If time permits, the presentation will conclude with a discussion of memory model, language evolutions, and the role of the compiler for many-core architectures. We will use many examples and short demonstrations throughout the presentation.

From Music III to Faust: A journey into audio and music DSLs
Yann Orlarey, Grame laboratory, Lyon.
Get the slides.

Since Music III (the first programming language for digital audio synthesis developed by Max Mathews in 1959 at Bell Labs) and MUSICOMP (the first music composition language developed by Lejaren Hiller and Robert Baker in 1963), research in music DSLs has been very active and innovative. Today, programming languages like Csound, OpenMusic, Max, Puredata, Faust, or Supercollider, to name only a few of them, are routinely used as a creative means by electronic musicians and avant-garde composers.

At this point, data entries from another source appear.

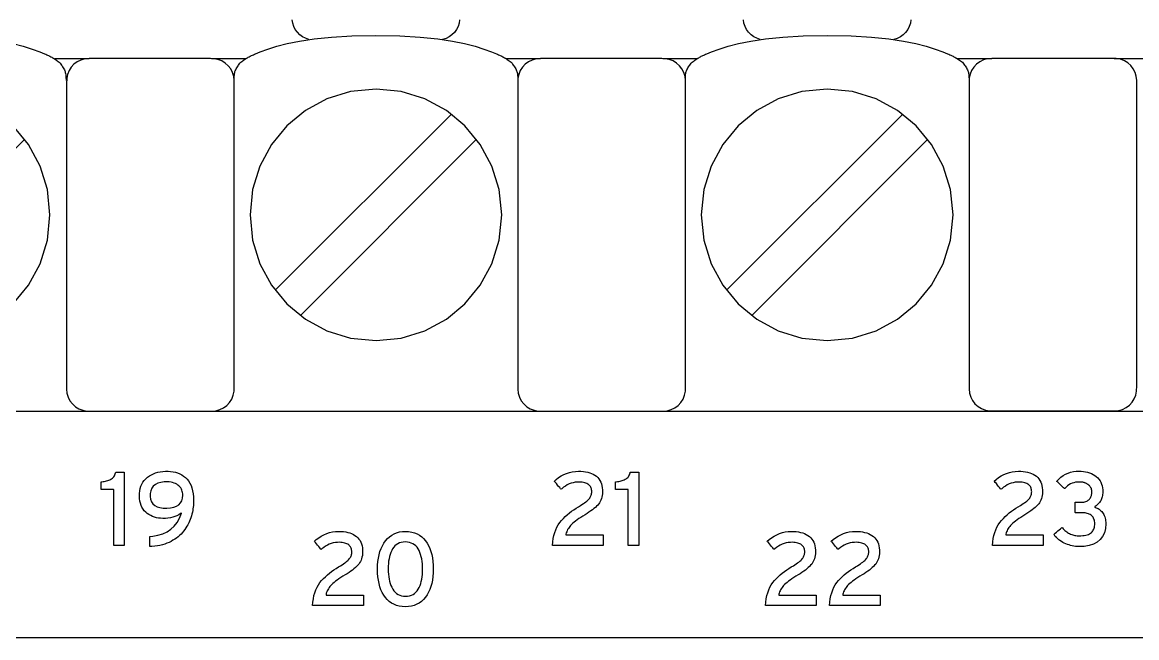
# Model space of a CAD drawing. Extents: x 1 to 47.7, y 0.2 to 33.3.
# Drawn here: x 32.801 to 34.283, y 13.33 to 14.148 of the extents above; entities that cross this region are included whole.
import ezdxf

# ---------------------------------------------------------------- set-up
doc = ezdxf.new("R2010")
doc.units = 0
doc.header["$MEASUREMENT"] = 0
doc.layers.add('4_0_____DWG', color=7, linetype='CONTINUOUS')

msp = doc.modelspace()

# ---------------------------------------------------------------- linework, layer by layer
at = {"layer": '4_0_____DWG'}
for points in [[(33.1819, 14.1253), (33.1775, 14.1268), (33.1734, 14.1289), (33.1697, 14.1316), (33.1665, 14.1348), (33.1638, 14.1384), (33.1617, 14.1424), (33.1603, 14.1468), (33.1596, 14.1514)], [(33.3823, 14.1514), (33.3816, 14.1468), (33.3801, 14.1424), (33.378, 14.1383), (33.3753, 14.1347), (33.372, 14.1315), (33.3683, 14.1288), (33.3642, 14.1267), (33.3597, 14.1253)], [(33.7819, 14.1253), (33.7775, 14.1268), (33.7734, 14.1289), (33.7697, 14.1316), (33.7665, 14.1348), (33.7638, 14.1384), (33.7617, 14.1424), (33.7603, 14.1468), (33.7596, 14.1514)], [(33.9823, 14.1514), (33.9816, 14.1468), (33.9801, 14.1424), (33.978, 14.1383), (33.9753, 14.1347), (33.972, 14.1315), (33.9683, 14.1288), (33.9642, 14.1267), (33.9597, 14.1253)], [(33.0825, 14.0706), (33.0825, 14.0721), (33.0825, 14.0737), (33.0826, 14.0753), (33.0827, 14.0769), (33.0828, 14.0784), (33.083, 14.0799), (33.0832, 14.0813), (33.0835, 14.0825), (33.0839, 14.0837), (33.0845, 14.0849), (33.0852, 14.0862), (33.0859, 14.0874), (33.0867, 14.0887), (33.0876, 14.09), (33.0884, 14.0912), (33.0893, 14.0925), (33.09, 14.0937), (33.0913, 14.0949), (33.0926, 14.096), (33.0939, 14.0969), (33.0951, 14.0979), (33.0964, 14.0987), (33.0976, 14.0995), (33.0988, 14.1003), (33.1001, 14.101), (33.1013, 14.1017), (33.1025, 14.1023), (33.1036, 14.1029), (33.1046, 14.1034), (33.1057, 14.1039), (33.1068, 14.1044), (33.108, 14.1049), (33.1093, 14.1055), (33.1108, 14.1061), (33.1171, 14.1086), (33.1274, 14.1124), (33.1392, 14.1162), (33.153, 14.1199), (33.1694, 14.1232), (33.1888, 14.1261), (33.2119, 14.1284), (33.2391, 14.1299), (33.271, 14.1304), (33.3028, 14.1299), (33.33, 14.1284), (33.3531, 14.1261), (33.3726, 14.1232), (33.3889, 14.1199), (33.4028, 14.1162), (33.4145, 14.1124), (33.4248, 14.1086), (33.4311, 14.1061), (33.4326, 14.1055), (33.434, 14.1049), (33.4352, 14.1044), (33.4363, 14.1039), (33.4373, 14.1034), (33.4384, 14.1029), (33.4395, 14.1023), (33.4407, 14.1017), (33.4419, 14.101), (33.4431, 14.1003), (33.4444, 14.0995), (33.4456, 14.0987), (33.4468, 14.0979), (33.4481, 14.0969), (33.4494, 14.096), (33.4507, 14.0949), (33.4519, 14.0937), (33.4527, 14.0925), (33.4535, 14.0912), (33.4544, 14.09), (33.4552, 14.0887), (33.456, 14.0874), (33.4568, 14.0862), (33.4575, 14.0849), (33.4581, 14.0837), (33.4585, 14.0825), (33.4588, 14.0813), (33.459, 14.0799), (33.4592, 14.0784), (33.4594, 14.0769), (33.4595, 14.0753), (33.4596, 14.0737), (33.4596, 14.0721), (33.4597, 14.0706)], [(33.6825, 14.0706), (33.6825, 14.0721), (33.6825, 14.0737), (33.6826, 14.0753), (33.6827, 14.0769), (33.6828, 14.0784), (33.683, 14.0799), (33.6832, 14.0813), (33.6835, 14.0825), (33.6839, 14.0837), (33.6845, 14.0849), (33.6852, 14.0862), (33.6859, 14.0874), (33.6867, 14.0887), (33.6876, 14.09), (33.6884, 14.0912), (33.6893, 14.0925), (33.69, 14.0937), (33.6913, 14.0949), (33.6926, 14.096), (33.6939, 14.0969), (33.6951, 14.0979), (33.6964, 14.0987), (33.6976, 14.0995), (33.6988, 14.1003), (33.7001, 14.101), (33.7013, 14.1017), (33.7025, 14.1023), (33.7036, 14.1029), (33.7046, 14.1034), (33.7057, 14.1039), (33.7068, 14.1044), (33.708, 14.1049), (33.7093, 14.1055), (33.7108, 14.1061), (33.7171, 14.1086), (33.7274, 14.1124), (33.7392, 14.1162), (33.753, 14.1199), (33.7694, 14.1232), (33.7889, 14.1261), (33.8119, 14.1284), (33.8391, 14.1299), (33.871, 14.1304), (33.9028, 14.1299), (33.93, 14.1284), (33.9531, 14.1261), (33.9726, 14.1232), (33.9889, 14.1199), (34.0028, 14.1162), (34.0145, 14.1124), (34.0248, 14.1086), (34.0311, 14.1061), (34.0326, 14.1055), (34.034, 14.1049), (34.0352, 14.1044), (34.0363, 14.1039), (34.0373, 14.1034), (34.0384, 14.1029), (34.0395, 14.1023), (34.0407, 14.1017), (34.0419, 14.101), (34.0431, 14.1003), (34.0444, 14.0995), (34.0456, 14.0987), (34.0468, 14.0979), (34.0481, 14.0969), (34.0494, 14.096), (34.0507, 14.0949), (34.0519, 14.0937), (34.0527, 14.0925), (34.0535, 14.0912), (34.0544, 14.09), (34.0552, 14.0887), (34.056, 14.0874), (34.0568, 14.0862), (34.0575, 14.0849), (34.0581, 14.0837), (34.0585, 14.0825), (34.0588, 14.0813), (34.059, 14.0799), (34.0593, 14.0784), (34.0594, 14.0769), (34.0595, 14.0753), (34.0596, 14.0737), (34.0597, 14.0721), (34.0597, 14.0706)], [(32.7882, 14.1199), (32.802, 14.1162), (32.8138, 14.1124), (32.8241, 14.1086), (32.8304, 14.1061), (32.8319, 14.1055), (32.8332, 14.1049), (32.8344, 14.1044), (32.8355, 14.1039), (32.8366, 14.1034), (32.8376, 14.1029), (32.8387, 14.1023), (32.8399, 14.1017), (32.8411, 14.101), (32.8424, 14.1003), (32.8436, 14.0995), (32.8448, 14.0987), (32.8461, 14.0979), (32.8473, 14.0969), (32.8486, 14.096), (32.8499, 14.0949), (32.8511, 14.0937), (32.8519, 14.0925), (32.8528, 14.0912), (32.8536, 14.09), (32.8544, 14.0887), (32.8553, 14.0874), (32.856, 14.0862), (32.8567, 14.0849), (32.8573, 14.0837), (32.8577, 14.0825), (32.858, 14.0813), (32.8583, 14.0799), (32.8585, 14.0784), (32.8586, 14.0769), (32.8588, 14.0753), (32.8588, 14.0737), (32.8589, 14.0721), (32.8589, 14.0706)], [(32.8441, 14.0998), (32.8897, 14.0998)], [(33.0525, 14.0998), (33.0981, 14.0998)], [(33.4441, 14.0998), (33.4897, 14.0998)], [(33.6525, 14.0998), (33.6981, 14.0998)], [(34.0441, 14.1), (34.0897, 14.1)], [(34.2525, 14.1), (34.2981, 14.1)], [(33.1372, 13.7917), (33.3715, 14.0259)], [(33.7372, 13.7917), (33.9715, 14.0259)], [(32.7885, 13.7737), (32.809, 13.7985), (32.8244, 13.8268), (32.8342, 13.8582), (32.8376, 13.8919), (32.8342, 13.9256), (32.8244, 13.957), (32.809, 13.9854), (32.7885, 14.0102)], [(32.5699, 13.7582), (32.8041, 13.9925)], [(33.1706, 13.7582), (33.4049, 13.9925)], [(33.7706, 13.7582), (34.0049, 13.9925)], [(32.7486, 13.6311), (32.8411, 13.6311), (32.9402, 13.6311), (33.0455, 13.6311), (33.1567, 13.6311), (33.2731, 13.6311), (33.3945, 13.6311), (33.5204, 13.6311), (33.6502, 13.6311), (33.7836, 13.6311), (33.9201, 13.6311), (34.0593, 13.6311), (34.2007, 13.6311), (34.4885, 13.6311), (34.7798, 13.6311), (35.0711, 13.6311), (35.3589, 13.6311), (35.5003, 13.6311), (35.6395, 13.6311)], [(35.5892, 13.3298), (35.4883, 13.3298), (35.3855, 13.3298), (35.2808, 13.3298), (35.1744, 13.3298), (35.0662, 13.3298), (34.9564, 13.3298), (34.845, 13.3298), (34.732, 13.3298), (34.6176, 13.3298), (34.5018, 13.3298), (34.3847, 13.3298), (34.2662, 13.3298), (34.1466, 13.3298), (34.0258, 13.3298), (33.9039, 13.3298), (33.7811, 13.3298), (33.6572, 13.3298), (33.4069, 13.3298), (33.1536, 13.3298), (32.8976, 13.3298), (32.6397, 13.3298)]]:
    msp.add_lwpolyline(points, dxfattribs=at)
for points in [[(33.0825, 14.0706), (33.082, 14.0762), (33.0804, 14.0814), (33.0779, 14.0861), (33.0747, 14.0903), (33.0707, 14.0939), (33.0661, 14.0967), (33.0609, 14.0987), (33.0554, 14.0997), (33.0509, 14.0998), (33.0391, 14.0998), (33.0185, 14.0998), (32.9924, 14.0998), (32.9639, 14.0998), (32.9362, 14.0998), (32.9125, 14.0998), (32.8959, 14.0998), (32.8897, 14.0998), (32.884, 14.0993), (32.8786, 14.0978), (32.8737, 14.0954), (32.8694, 14.0922), (32.8658, 14.0883), (32.8629, 14.0838), (32.8609, 14.0788), (32.8598, 14.0734), (32.8597, 14.0665), (32.8597, 14.0368), (32.8597, 13.985), (32.8597, 13.9192), (32.8597, 13.8474), (32.8597, 13.7776), (32.8597, 13.7178), (32.8597, 13.676), (32.8597, 13.6603), (32.8602, 13.6548), (32.8618, 13.6496), (32.8642, 13.6448), (32.8675, 13.6406), (32.8715, 13.637), (32.8761, 13.6342), (32.8812, 13.6323), (32.8868, 13.6312), (32.8913, 13.6311), (32.9031, 13.6311), (32.9236, 13.6311), (32.9498, 13.6311), (32.9783, 13.6311), (33.006, 13.6311), (33.0297, 13.6311), (33.0463, 13.6311), (33.0525, 13.6311), (33.0582, 13.6316), (33.0636, 13.6331), (33.0684, 13.6355), (33.0727, 13.6387), (33.0764, 13.6426), (33.0793, 13.6471), (33.0813, 13.6521), (33.0824, 13.6575), (33.0825, 13.6644), (33.0825, 13.6942), (33.0825, 13.7459), (33.0825, 13.8117), (33.0825, 13.8835), (33.0825, 13.9534), (33.0825, 14.0131), (33.0825, 14.0549)], [(33.6825, 14.0706), (33.682, 14.0762), (33.6804, 14.0814), (33.6779, 14.0861), (33.6747, 14.0903), (33.6707, 14.0939), (33.6661, 14.0967), (33.6609, 14.0987), (33.6554, 14.0997), (33.6509, 14.0998), (33.6391, 14.0998), (33.6185, 14.0998), (33.5924, 14.0998), (33.5639, 14.0998), (33.5362, 14.0998), (33.5125, 14.0998), (33.4959, 14.0998), (33.4897, 14.0998), (33.484, 14.0993), (33.4786, 14.0978), (33.4737, 14.0954), (33.4694, 14.0922), (33.4658, 14.0883), (33.4629, 14.0838), (33.4609, 14.0788), (33.4598, 14.0734), (33.4597, 14.0665), (33.4597, 14.0368), (33.4597, 13.985), (33.4597, 13.9192), (33.4597, 13.8474), (33.4597, 13.7776), (33.4597, 13.7178), (33.4597, 13.676), (33.4597, 13.6603), (33.4602, 13.6548), (33.4618, 13.6496), (33.4642, 13.6448), (33.4675, 13.6406), (33.4715, 13.637), (33.4761, 13.6342), (33.4812, 13.6323), (33.4868, 13.6312), (33.4913, 13.6311), (33.5031, 13.6311), (33.5236, 13.6311), (33.5498, 13.6311), (33.5783, 13.6311), (33.606, 13.6311), (33.6297, 13.6311), (33.6463, 13.6311), (33.6525, 13.6311), (33.6582, 13.6316), (33.6636, 13.6331), (33.6684, 13.6355), (33.6727, 13.6387), (33.6764, 13.6426), (33.6793, 13.6471), (33.6813, 13.6521), (33.6824, 13.6575), (33.6825, 13.6644), (33.6825, 13.6942), (33.6825, 13.7459), (33.6825, 13.8117), (33.6825, 13.8835), (33.6825, 13.9534), (33.6825, 14.0131), (33.6825, 14.0549)], [(34.2825, 14.0708), (34.282, 14.0763), (34.2804, 14.0815), (34.278, 14.0863), (34.2747, 14.0905), (34.2707, 14.0941), (34.2661, 14.0969), (34.261, 14.0989), (34.2554, 14.0999), (34.2509, 14.1), (34.2391, 14.1), (34.2186, 14.1), (34.1924, 14.1), (34.1639, 14.1), (34.1362, 14.1), (34.1125, 14.1), (34.0959, 14.1), (34.0897, 14.1), (34.084, 14.0995), (34.0786, 14.098), (34.0738, 14.0956), (34.0694, 14.0924), (34.0658, 14.0885), (34.0629, 14.084), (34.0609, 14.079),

This talk is a discovery journey into the field of the audio and music DSLs and through its historical evolution. It will end with a presentation of Faust (Functional Audio Stream), a synchronous functional programming language specifically designed for high-performance real-time signal processing and synthesis. Thanks to several semantic and symbolic techniques, the Faust compiler can generate highly optimized scalar or parallel code for a variety of languages, from C++ to LLVM-IR.

CnC: A data and control flow language for high performance computing
Kathleen Knobe, Intel, Massachusets.
Get the slides.

CnC (concurrent collections) is a parallel language in the sense that its goal is parallel execution but in fact a CnC program does not indicate what runs in parallel. Instead, it identifies what precludes parallel execution. There are exactly two reasons that computations cannot execute in parallel. If one computation produces data that the other one consumes, the producer must execute before the consumer. If one computation determines if another will execute, the controller must execute before the controllee. So CnC is not a dataflow language. It is more of a data and control flow language. It is closer in philosophy to the PDG (Program Dependence Graph) intermediate form than to other parallel programming languages.

The initial motivation was to indicate the minimum constraints on program execution. This maximizes efficiency by maximizing flexibility. It also supports portability because these constraints are based on the application, not on the platform. A nice benefit of explicit specification of scheduling constraints is that the tuning process can be isolated. This isolation can have real productivity implications.

The talk will present CnC, the CnC tuning language, distributed CnC, analyses and optimizations, support for resilience and the CnC runtime.

Domain-specific abstractions and performance portability
P. (Saday) Sadayappan, Ohio State University.
Get the slides.

Recent trends in architecture are making multicore parallelism as well as heterogeneity ubiquitous. This creates significant chalenges to application developers as well as compiler implementations. Currently it is impossible to achieve performance portability of high-performance applications from a single version of a program – different code versions are necessary for different target platforms, e.g., for multicore CPUs versus GPUs.

A promising approach to performance portability, i.e., “write once, execute anywhere,” is via identifying suitable domain-specific abstractions and compiler techniques to transform high-level specifications automatically to high-performance implementations on different targets. This talk will discuss efforts to develop performance-portable compiler techniques for domain-specific abstractions.